- **Task goal**
Each line from the one containing "line L1 (0, -3) -> (0, 0) projected" to the final line of the listing below must be transcribed exactly; all others are left out.

(Task material Opens)

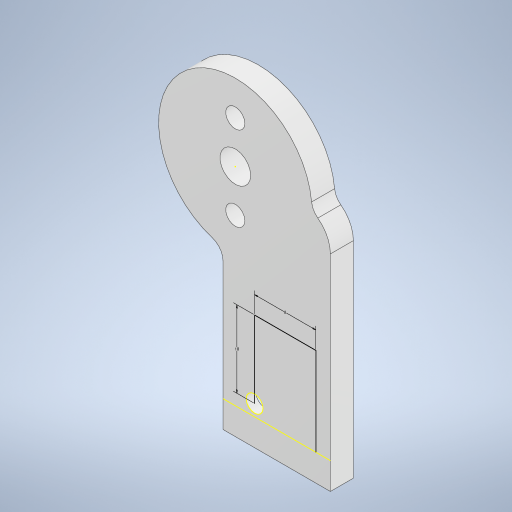
# Autodesk Inventor part: cutter_board_claws_endeffector_8_5_rotary-blade
Saved by Autodesk Inventor 2024 (Build 280153000, 153)
## iProperties
Created: 2025-06-01
Part Number: cutter_board_claws_endeffector_8_5_rotary-blade
Material: ABS プラスチック
Document SubType Name: Modeling
Designer: 1412z
Density: 1.06 g/cm^3
Appearance: 滑らか - 白
Author: 1412z
Autodesk Inventor part; units mm, degrees
ref_plane "YZ Plane" through (0, 0, 0) normal (1, 0, 0) x (0, 1, 0)
ref_plane "XZ Plane" through (0, 0, 0) normal (0, 1, 0) x (-1, 0, 0)
ref_plane "XY Plane" through (0, 0, 0) normal (0, 0, 1) x (1, 0, 0)
sketch "スケッチ1" plane through (0, 0, 0) normal (0, 0, 1) x (1, 0, 0)
  circle A0 centre (0, 0) radius 10
  line L0 (0, 0) -> (12.4, 0)
  line L1 (12.4, 0) -> (12.4, -45)
  line L2 (12.4, -45) -> (-1.6, -45)
  line L3 (-1.6, -45) -> (-1.6, 0)
  circle A1 centre (2.5, -25.5) radius 1.1
  circle A2 centre (2.5, -32) radius 1.7
  circle A3 centre (2.5, -42) radius 1.7
  circle A4 centre (0, 0) radius 5.5
  circle A5 centre (0, 5.5) radius 1.25
  circle A6 centre (0, -5.5) radius 1.25
  circle A7 centre (0, 0) radius 2
  line L4 (0, 0) -> (0, -45)
  line L5 (2.5, -25.5) -> (12.4, -25.5)
  point P0 (7.5, -6.6144)
  point P1 (-1.6, -9.8712)
  point P2 (10, 0)
  dimension "d0" = 20
  dimension "d3" = 12.4
  dimension "d4" = 45
  dimension "d5" = 14
  dimension "d6" = 2.2
  dimension "d7" = 3.4
  dimension "d8" = 3.4
  dimension "d9" = 11
  dimension "d10" = 2.5
  dimension "d11" = 2.5
  dimension "d12" = 4
  dimension "d16" = 2.5
  dimension "d17" = 2.5
  dimension "d18" = 2.5
  dimension "d19" = 9.9
  dimension "d37" = 25.5
  constraints: 12 end point, 8 centre point, 4 perpendicular, 3 coincident, 2 horizontal, 2 point on circle, 2 point on line
  measures "d0" diameter of A0
  measures "d3" distance of L0.start L0.end
  measures "d4" distance of L0.end L1.end
  measures "d5" distance of L1.end L2.end
  measures "d6" diameter of A1
  measures "d7" diameter of A2
  measures "d8" diameter of A3
  measures "d9" diameter of A4
  measures "d10" diameter of A5
  measures "d11" diameter of A6
  measures "d12" diameter of A7
  measures "d16" distance from line of L4 L5.start
  measures "d17" distance from line of L4 A2.centre
  measures "d18" distance from line of L4 A3.centre
  measures "d19" distance of L5.start L5.end
  measures "d37" distance from line of L0 L5.start
extrude "押し出し1" add sketch "スケッチ1" along normal blind 3 contours L0 A4 A5 L3 A0 | L0 L1 L2 L4 A0 | A0 L4 A6 A4 L0 | L3 A4 A6 L4 A0 | A0 L4 L2 L3 | A4 A6 L4 A7 L0 | L0 A7 L3 A4 A5 | L3 A7 L4 A6 A4
fillet "フィレット1" radius 2 1 edges at (-1.6, -9.8712, 1.5)
fillet "フィレット2" radius 4 1 edges at (12.4, 0, 1.5)
fillet "フィレット3" radius 2 1 edges at (10, 0, 1.5)
sketch "スケッチ2" plane through (0, 0, 3) normal (0, 0, 1) x (1, 0, 0)
  line L0 (12.4, -45) -> (12.4, -3.6661) projected
  line L1 (12.4, -45) -> (12.4, -27)
  line L2 (12.4, -27) -> (-1.6, -27)
  line L3 (-1.6, -11.4473) -> (-1.6, -45) projected
  line L4 (-1.6, -27) -> (-1.6, -45)
  line L5 (-1.6, -45) -> (12.4, -45) projected
  line L6 (-1.6, -45) -> (12.4, -45)
  point P0 (0, 0)
  dimension "d22" = 18
  constraints: 8 end point, 2 point on line, 1 collinear, 1 perpendicular, 1 vertical
  measures "d22" distance of L0.start L1.end
extrude "押し出し2" cut sketch "スケッチ2" against normal blind 10
sketch "スケッチ3" plane through (0, 0, 3) normal (0, 0, 1) x (1, 0, 0)
  circle A0 centre (2.5, -25.5) radius 1.1 projected
  line L0 (2.5, -25.5) -> (2.5, -15.5)
  line L1 (2.5, -15.5) -> (10.5, -15.5)
  line L2 (10.5, -15.5) -> (10.5, -27)
  line L3 (-1.6, -27) -> (12.4, -27) projected
  point P0 (0, 0)
  dimension "d25" = 10
  dimension "d26" = 8
  constraints: 6 end point, 2 vertical, 1 perpendicular, 1 point on line
  measures "d25" distance of L0.start L0.end
  measures "d26" distance of L0.end L1.end
sketch "スケッチ5" plane through (-1.6, -27, 3) normal (0, -1, 0) x (1, 0, 0)
  line L0 (0, -3) -> (0, 0) projected
  line L1 (0, -1.5) -> (0, -1.3)
  line L2 (0, -1.3) -> (12.1, -1.3)
  line L3 (12.1, -1.3) -> (12.1, -1.7)
  line L4 (12.1, -1.7) -> (0, -1.7)
  line L5 (0, -1.7) -> (0, -1.5)
  point P0 (1.6, -3)
  point P1 (0, -1.7)
  dimension "d32" = 0.2
  dimension "d33" = 12.1
  dimension "d34" = 0.4
  constraints: 10 end point, 4 perpendicular, 2 point on line, 1 midpoint
  measures "d32" distance of L1.start L1.end
  measures "d33" distance of L1.end L2.end
  measures "d34" distance of L2.end L3.end
extrude "押し出し4" cut sketch "スケッチ5" against normal blind 11.5
sketch "スケッチ6" plane through (-1.6, -27, 3) normal (0, -1, 0) x (1, 0, 0)
  line L0 (12.3614, 0) -> (14, 0) projected
  line L1 (0, -3) -> (0, 0) projected
  line L2 (14, 0) -> (0, 0)
  line L3 (0, -1.3) -> (12.1, -1.3) projected
  line L4 (0, 0) -> (0, -1.3)
  line L5 (12.1, -1.3) -> (12.1, -1.7) projected
  line L6 (0, -1.3) -> (12.1, -1.3)
  line L7 (12.1, -1.7) -> (0, -1.7) projected
  line L8 (12.1, -1.3) -> (12.1, -1.7)
  line L9 (12.1, -1.7) -> (0, -1.7)
  line L10 (0, -1.7) -> (0, -3)
  line L11 (0, -3) -> (14, -3)
  line L12 (14, -3) -> (14, 0)
  point P0 (1.6, -3)
  constraints: 16 end point, 6 perpendicular, 1 collinear, 1 horizontal
extrude "押し出し5" add sketch "スケッチ6" along normal blind 3.5 contours L0 L12 L11 L1 L7 L5 L3 L2
sketch "スケッチ7" plane through (0, 0, 0) normal (0, 0, -1) x (-1, 0, 0)
  line L0 (1.6, -11.4473) -> (1.6, -30.5) projected
  line L1 (1.6, -30.5) -> (1.6, -15.5)
  line L2 (-10.5, -15.5) -> (1.6, -15.5) projected
  line L3 (1.6, -15.5) -> (-10.5, -15.5)
  line L4 (-10.5, -15.5) -> (-10.5, -30.5)
  line L5 (-10.5, -30.5) -> (1.6, -30.5)
  point P0 (0, 0)
  constraints: 8 end point, 2 perpendicular, 1 collinear
extrude "押し出し6" cut sketch "スケッチ7" against normal blind 1.5

(Task material Closes)

- **Your response**
  line L1 (0, -3) -> (0, 0) projected
  line L2 (14, 0) -> (0, 0)
  line L3 (0, -1.3) -> (12.1, -1.3) projected
  line L4 (0, 0) -> (0, -1.3)
  line L5 (12.1, -1.3) -> (12.1, -1.7) projected
  line L6 (0, -1.3) -> (12.1, -1.3)
  line L7 (12.1, -1.7) -> (0, -1.7) projected
  line L8 (12.1, -1.3) -> (12.1, -1.7)
  line L9 (12.1, -1.7) -> (0, -1.7)
  line L10 (0, -1.7) -> (0, -3)
  line L11 (0, -3) -> (14, -3)
  line L12 (14, -3) -> (14, 0)
  point P0 (1.6, -3)
  constraints: 16 end point, 6 perpendicular, 1 collinear, 1 horizontal
extrude "押し出し5" add sketch "スケッチ6" along normal blind 3.5 contours L0 L12 L11 L1 L7 L5 L3 L2
sketch "スケッチ7" plane through (0, 0, 0) normal (0, 0, -1) x (-1, 0, 0)
  line L0 (1.6, -11.4473) -> (1.6, -30.5) projected
  line L1 (1.6, -30.5) -> (1.6, -15.5)
  line L2 (-10.5, -15.5) -> (1.6, -15.5) projected
  line L3 (1.6, -15.5) -> (-10.5, -15.5)
  line L4 (-10.5, -15.5) -> (-10.5, -30.5)
  line L5 (-10.5, -30.5) -> (1.6, -30.5)
  point P0 (0, 0)
  constraints: 8 end point, 2 perpendicular, 1 collinear
extrude "押し出し6" cut sketch "スケッチ7" against normal blind 1.5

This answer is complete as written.